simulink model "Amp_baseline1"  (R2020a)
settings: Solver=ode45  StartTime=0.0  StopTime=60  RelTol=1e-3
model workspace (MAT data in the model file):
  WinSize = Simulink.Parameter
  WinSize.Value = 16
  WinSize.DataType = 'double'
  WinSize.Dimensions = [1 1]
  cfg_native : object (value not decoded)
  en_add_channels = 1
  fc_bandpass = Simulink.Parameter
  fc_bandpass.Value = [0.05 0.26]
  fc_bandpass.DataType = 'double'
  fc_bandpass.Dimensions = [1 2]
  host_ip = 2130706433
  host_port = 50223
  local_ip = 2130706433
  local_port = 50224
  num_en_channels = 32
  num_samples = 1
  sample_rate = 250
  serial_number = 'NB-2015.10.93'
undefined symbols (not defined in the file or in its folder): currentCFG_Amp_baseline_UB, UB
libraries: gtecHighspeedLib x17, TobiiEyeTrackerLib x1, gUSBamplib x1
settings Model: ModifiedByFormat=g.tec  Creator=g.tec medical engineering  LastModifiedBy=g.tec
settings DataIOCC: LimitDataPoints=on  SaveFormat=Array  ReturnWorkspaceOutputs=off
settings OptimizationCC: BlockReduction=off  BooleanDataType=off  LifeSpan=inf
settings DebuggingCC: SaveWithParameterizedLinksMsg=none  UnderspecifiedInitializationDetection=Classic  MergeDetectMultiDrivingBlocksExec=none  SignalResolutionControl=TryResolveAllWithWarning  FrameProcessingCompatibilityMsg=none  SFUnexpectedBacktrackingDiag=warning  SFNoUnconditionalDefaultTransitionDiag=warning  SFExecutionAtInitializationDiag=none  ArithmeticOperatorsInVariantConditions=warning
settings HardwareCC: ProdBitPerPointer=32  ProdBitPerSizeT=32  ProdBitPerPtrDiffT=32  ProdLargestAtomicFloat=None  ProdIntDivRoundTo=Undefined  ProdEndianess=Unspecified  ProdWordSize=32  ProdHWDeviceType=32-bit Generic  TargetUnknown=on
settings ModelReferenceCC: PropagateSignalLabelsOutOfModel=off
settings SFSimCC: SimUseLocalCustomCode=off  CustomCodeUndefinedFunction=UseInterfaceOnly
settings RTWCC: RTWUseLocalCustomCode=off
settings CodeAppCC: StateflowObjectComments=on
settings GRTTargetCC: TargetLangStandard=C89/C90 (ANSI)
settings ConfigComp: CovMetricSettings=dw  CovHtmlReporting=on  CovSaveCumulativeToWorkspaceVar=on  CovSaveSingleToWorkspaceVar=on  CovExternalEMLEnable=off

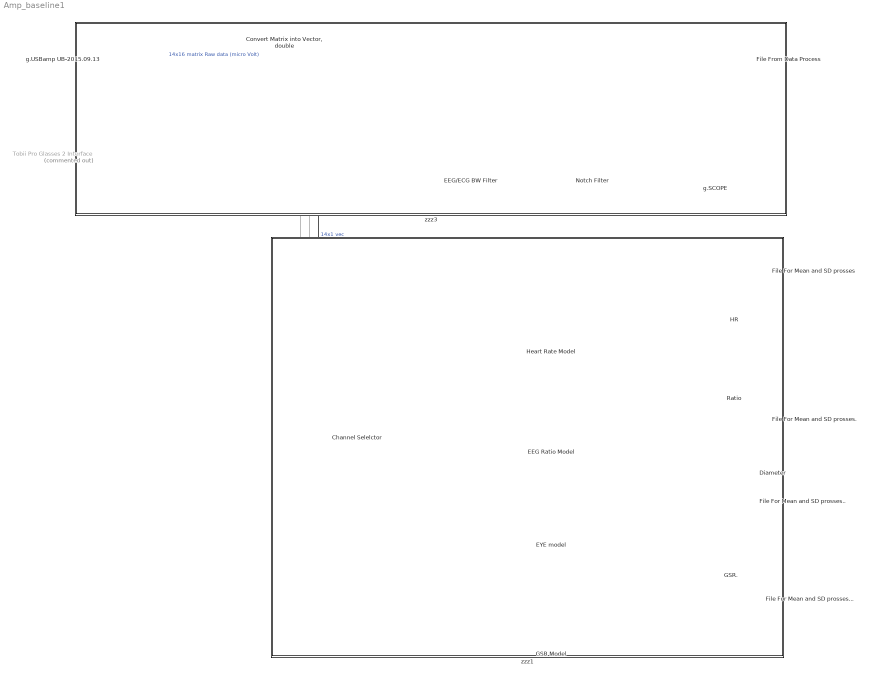
== system Amp_baseline1 ==
  Channel Selelctor : Subsystem
  "Convert Matrix into Vector, double" : Subsystem
  Diameter : Display
  EEG Ratio Model : Subsystem  ReferencedSubsystem=EEG_Ratio_Model
  EEG/ECG BW Filter : gtecHighspeedLib/EEG//ECG BW Filter  Order=6  LowerFreq=0.1  UpperFreq=30  SampFreq=512
      settings: SourceProductName=g.HIsys Library
  EYE model : Subsystem  ReferencedSubsystem=Pupil_Diameter_Model_BaseLine
  File For Mean and SD prosses : ToFile  Filename=HeartRate.mat  MatrixName=heartRatedata
  File For Mean and SD prosses. : ToFile  Filename=Ratio.mat  MatrixName=Ratio
  File For Mean and SD prosses.. : ToFile  Filename=Eye_Diameter.mat  MatrixName=Eye_Diameter
  File For Mean and SD prosses... : ToFile  Filename=GSR.mat  MatrixName=GSR
  File From Data Process : ToFile  Filename=Baseline.mat  MatrixName=Baselinedata
  GSR Model : Subsystem  ReferencedSubsystem=GSR_Model
  GSR. : Display
  HR : Display
  Heart Rate Model : Subsystem  ReferencedSubsystem=Heart_Rate_Model
  Notch Filter : gtecHighspeedLib/Notch Filter  Order=2  NotchFreq=50  SampFreq=512
      settings: SourceProductName=g.tec Highspeed Library
  Ratio : Display
  Tobii Pro Glasses 2 Interface : TobiiEyeTrackerLib/Tobii Pro Glasses 2 Interface  Commented=on  Key=0  pc_right=off  pc_left=off  pd_right=off  pd_left=off  gd_right=off  gd_left=off  gp=on  gp3=off  gy=off  ac=off
      settings: SourceProductName=g.EYEtracking Interface (Tobii Pro Glasses 2)
  g.SCOPE : gtecHighspeedLib/g.SCOPE
      settings: SourceProductName=g.HIsys Library
  g.USBamp UB-2015.09.13 : gUSBamplib/g.USBamp  cfg=currentCFG_Amp_baseline_UB-2015.09.13.cfg  snr=UB-2015.09.13
      settings: SourceProductName=g.USBamp
  zzz1 : Subsystem  TreatAsAtomicUnit=on
      settings: OpenFcn=% no-op
      mask Display: disp('')
  zzz3 : Subsystem  TreatAsAtomicUnit=on
      settings: OpenFcn=% no-op
      mask Display: disp('')
  wires:
  g.USBamp UB-2015.09.13/1 -> "Convert Matrix into Vector, double"/1(In)  "14x16 matrix Raw data (micro Volt)"
  "Convert Matrix into Vector, double"/1(All channels) -> File From Data Process/1, EEG/ECG BW Filter/1, Channel Selelctor/1(14x1 vec)  "14x1 vec"
  EEG Ratio Model/1 -> File For Mean and SD prosses./1, Ratio/1
  Heart Rate Model/2 -> HR/1
  Heart Rate Model/1 -> File For Mean and SD prosses/1
  EYE model/1 -> Diameter/1, File For Mean and SD prosses../1
  GSR Model/1 -> GSR./1, File For Mean and SD prosses.../1
  Channel Selelctor/1(ECG) -> Heart Rate Model/1
  Channel Selelctor/13(GSR) -> GSR Model/1
  Channel Selelctor/2(EEG1) -> EEG Ratio Model/1
  Channel Selelctor/3(EEG2) -> EEG Ratio Model/2
  Channel Selelctor/4(EEG3) -> EEG Ratio Model/3
  Channel Selelctor/5(EEG4) -> EEG Ratio Model/4
  Channel Selelctor/6(EEG5) -> EEG Ratio Model/5
  Channel Selelctor/7(EEG6) -> EEG Ratio Model/6
  Channel Selelctor/8(EEG7) -> EEG Ratio Model/7
  Channel Selelctor/9(EEG8) -> EEG Ratio Model/8
  Channel Selelctor/10(EEG9) -> EEG Ratio Model/9
  Channel Selelctor/11(EEG10) -> EEG Ratio Model/10
  Channel Selelctor/12(EEG11) -> EEG Ratio Model/11
  Channel Selelctor/14(EEG12) -> EEG Ratio Model/12
  Tobii Pro Glasses 2 Interface/3 -> EYE model/2
  Tobii Pro Glasses 2 Interface/4 -> EYE model/1
  Notch Filter/1 -> g.SCOPE/1
  EEG/ECG BW Filter/1 -> Notch Filter/1

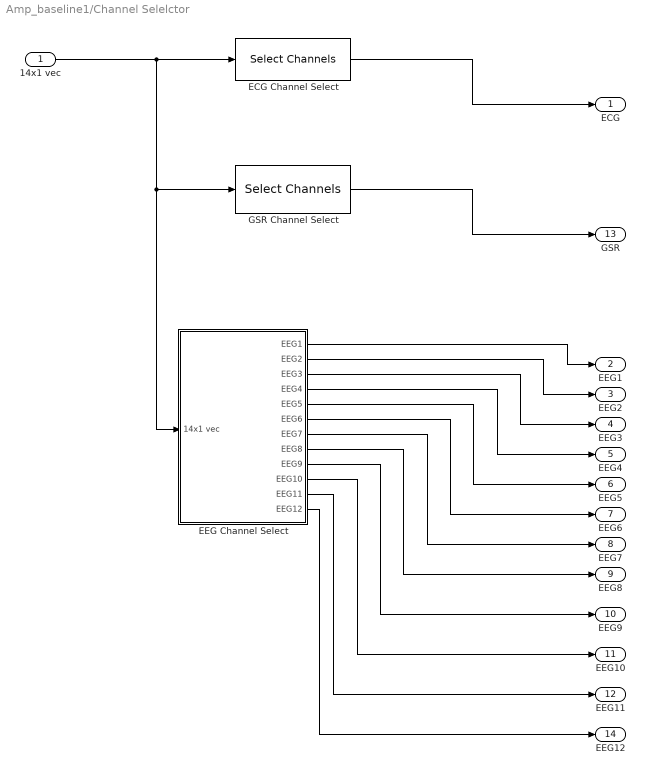
== system Amp_baseline1/Channel Selelctor ==
  14x1 vec : Inport
  ECG Channel Select : gtecHighspeedLib/Select Channels  selectedchannels=[2]  totalchannels=14
      settings: SourceProductName=g.HIsys Library
  EEG Channel Select : Subsystem
  GSR Channel Select : gtecHighspeedLib/Select Channels  selectedchannels=[1]  totalchannels=14
      settings: SourceProductName=g.HIsys Library
  ECG : Outport
  EEG1 : Outport  Port=2
  EEG2 : Outport  Port=3
  EEG3 : Outport  Port=4
  EEG4 : Outport  Port=5
  EEG5 : Outport  Port=6
  EEG6 : Outport  Port=7
  EEG7 : Outport  Port=8
  EEG8 : Outport  Port=9
  EEG9 : Outport  Port=10
  EEG10 : Outport  Port=11
  EEG11 : Outport  Port=12
  GSR : Outport  Port=13
  EEG12 : Outport  Port=14
  wires:
  14x1 vec/1 -> ECG Channel Select/1, GSR Channel Select/1, EEG Channel Select/1(14x1 vec)
  ECG Channel Select/1 -> ECG/1
  GSR Channel Select/1 -> GSR/1
  EEG Channel Select/1(EEG1) -> EEG1/1
  EEG Channel Select/2(EEG2) -> EEG2/1
  EEG Channel Select/3(EEG3) -> EEG3/1
  EEG Channel Select/4(EEG4) -> EEG4/1
  EEG Channel Select/5(EEG5) -> EEG5/1
  EEG Channel Select/6(EEG6) -> EEG6/1
  EEG Channel Select/7(EEG7) -> EEG7/1
  EEG Channel Select/8(EEG8) -> EEG8/1
  EEG Channel Select/9(EEG9) -> EEG9/1
  EEG Channel Select/10(EEG10) -> EEG10/1
  EEG Channel Select/11(EEG11) -> EEG11/1
  EEG Channel Select/12(EEG12) -> EEG12/1

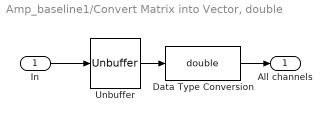
== system Amp_baseline1/Convert Matrix into Vector, double ==
  In : Inport
  Data Type Conversion : DataTypeConversion  OutDataTypeStr=double
  Unbuffer : Unbuffer
  All channels : Outport
  wires:
  In/1 -> Unbuffer/1
  Unbuffer/1 -> Data Type Conversion/1
  Data Type Conversion/1 -> All channels/1

== system Amp_baseline1/zzz1 ==

== system Amp_baseline1/zzz3 ==

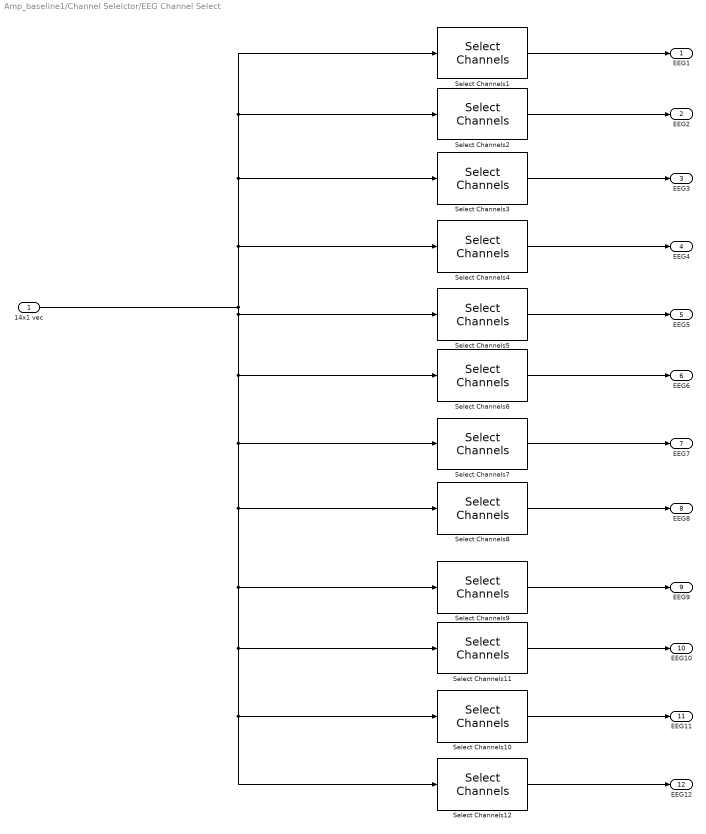
== system Amp_baseline1/Channel Selelctor/EEG Channel Select ==
  14x1 vec : Inport
  Select Channels1 : gtecHighspeedLib/Select Channels  selectedchannels=[3]  totalchannels=14
      settings: SourceProductName=g.HIsys Library
  Select Channels10 : gtecHighspeedLib/Select Channels  selectedchannels=[13]  totalchannels=14
      settings: SourceProductName=g.HIsys Library
  Select Channels11 : gtecHighspeedLib/Select Channels  selectedchannels=[12]  totalchannels=14
      settings: SourceProductName=g.HIsys Library
  Select Channels12 : gtecHighspeedLib/Select Channels  selectedchannels=[14]  totalchannels=14
      settings: SourceProductName=g.HIsys Library
  Select Channels2 : gtecHighspeedLib/Select Channels  selectedchannels=[4]  totalchannels=14
      settings: SourceProductName=g.HIsys Library
  Select Channels3 : gtecHighspeedLib/Select Channels  selectedchannels=[5]  totalchannels=14
      settings: SourceProductName=g.HIsys Library
  Select Channels4 : gtecHighspeedLib/Select Channels  selectedchannels=[6]  totalchannels=14
      settings: SourceProductName=g.HIsys Library
  Select Channels5 : gtecHighspeedLib/Select Channels  selectedchannels=[7]  totalchannels=14
      settings: SourceProductName=g.HIsys Library
  Select Channels6 : gtecHighspeedLib/Select Channels  selectedchannels=[8]  totalchannels=14
      settings: SourceProductName=g.HIsys Library
  Select Channels7 : gtecHighspeedLib/Select Channels  selectedchannels=[9]  totalchannels=14
      settings: SourceProductName=g.HIsys Library
  Select Channels8 : gtecHighspeedLib/Select Channels  selectedchannels=[10]  totalchannels=14
      settings: SourceProductName=g.HIsys Library
  Select Channels9 : gtecHighspeedLib/Select Channels  selectedchannels=[11]  totalchannels=14
      settings: SourceProductName=g.HIsys Library
  EEG1 : Outport
  EEG2 : Outport  Port=2
  EEG3 : Outport  Port=3
  EEG4 : Outport  Port=4
  EEG5 : Outport  Port=5
  EEG6 : Outport  Port=6
  EEG7 : Outport  Port=7
  EEG8 : Outport  Port=8
  EEG9 : Outport  Port=9
  EEG10 : Outport  Port=10
  EEG11 : Outport  Port=11
  EEG12 : Outport  Port=12
  wires:
  Select Channels7/1 -> EEG7/1
  Select Channels1/1 -> EEG1/1
  Select Channels8/1 -> EEG8/1
  Select Channels11/1 -> EEG10/1
  Select Channels2/1 -> EEG2/1
  Select Channels4/1 -> EEG4/1
  Select Channels5/1 -> EEG5/1
  Select Channels10/1 -> EEG11/1
  Select Channels9/1 -> EEG9/1
  Select Channels6/1 -> EEG6/1
  Select Channels3/1 -> EEG3/1
  14x1 vec/1 -> Select Channels8/1, Select Channels10/1, Select Channels12/1, Select Channels11/1, Select Channels9/1, Select Channels7/1, Select Channels6/1, Select Channels5/1, Select Channels4/1, Select Channels2/1, Select Channels1/1, Select Channels3/1
  Select Channels12/1 -> EEG12/1

*Problem requirements:* Check each line above for the word "Filename", and copy the lines where it appears.

*Solution for this exercise:*
  File For Mean and SD prosses : ToFile  Filename=HeartRate.mat  MatrixName=heartRatedata
  File For Mean and SD prosses. : ToFile  Filename=Ratio.mat  MatrixName=Ratio
  File For Mean and SD prosses.. : ToFile  Filename=Eye_Diameter.mat  MatrixName=Eye_Diameter
  File For Mean and SD prosses... : ToFile  Filename=GSR.mat  MatrixName=GSR
  File From Data Process : ToFile  Filename=Baseline.mat  MatrixName=Baselinedata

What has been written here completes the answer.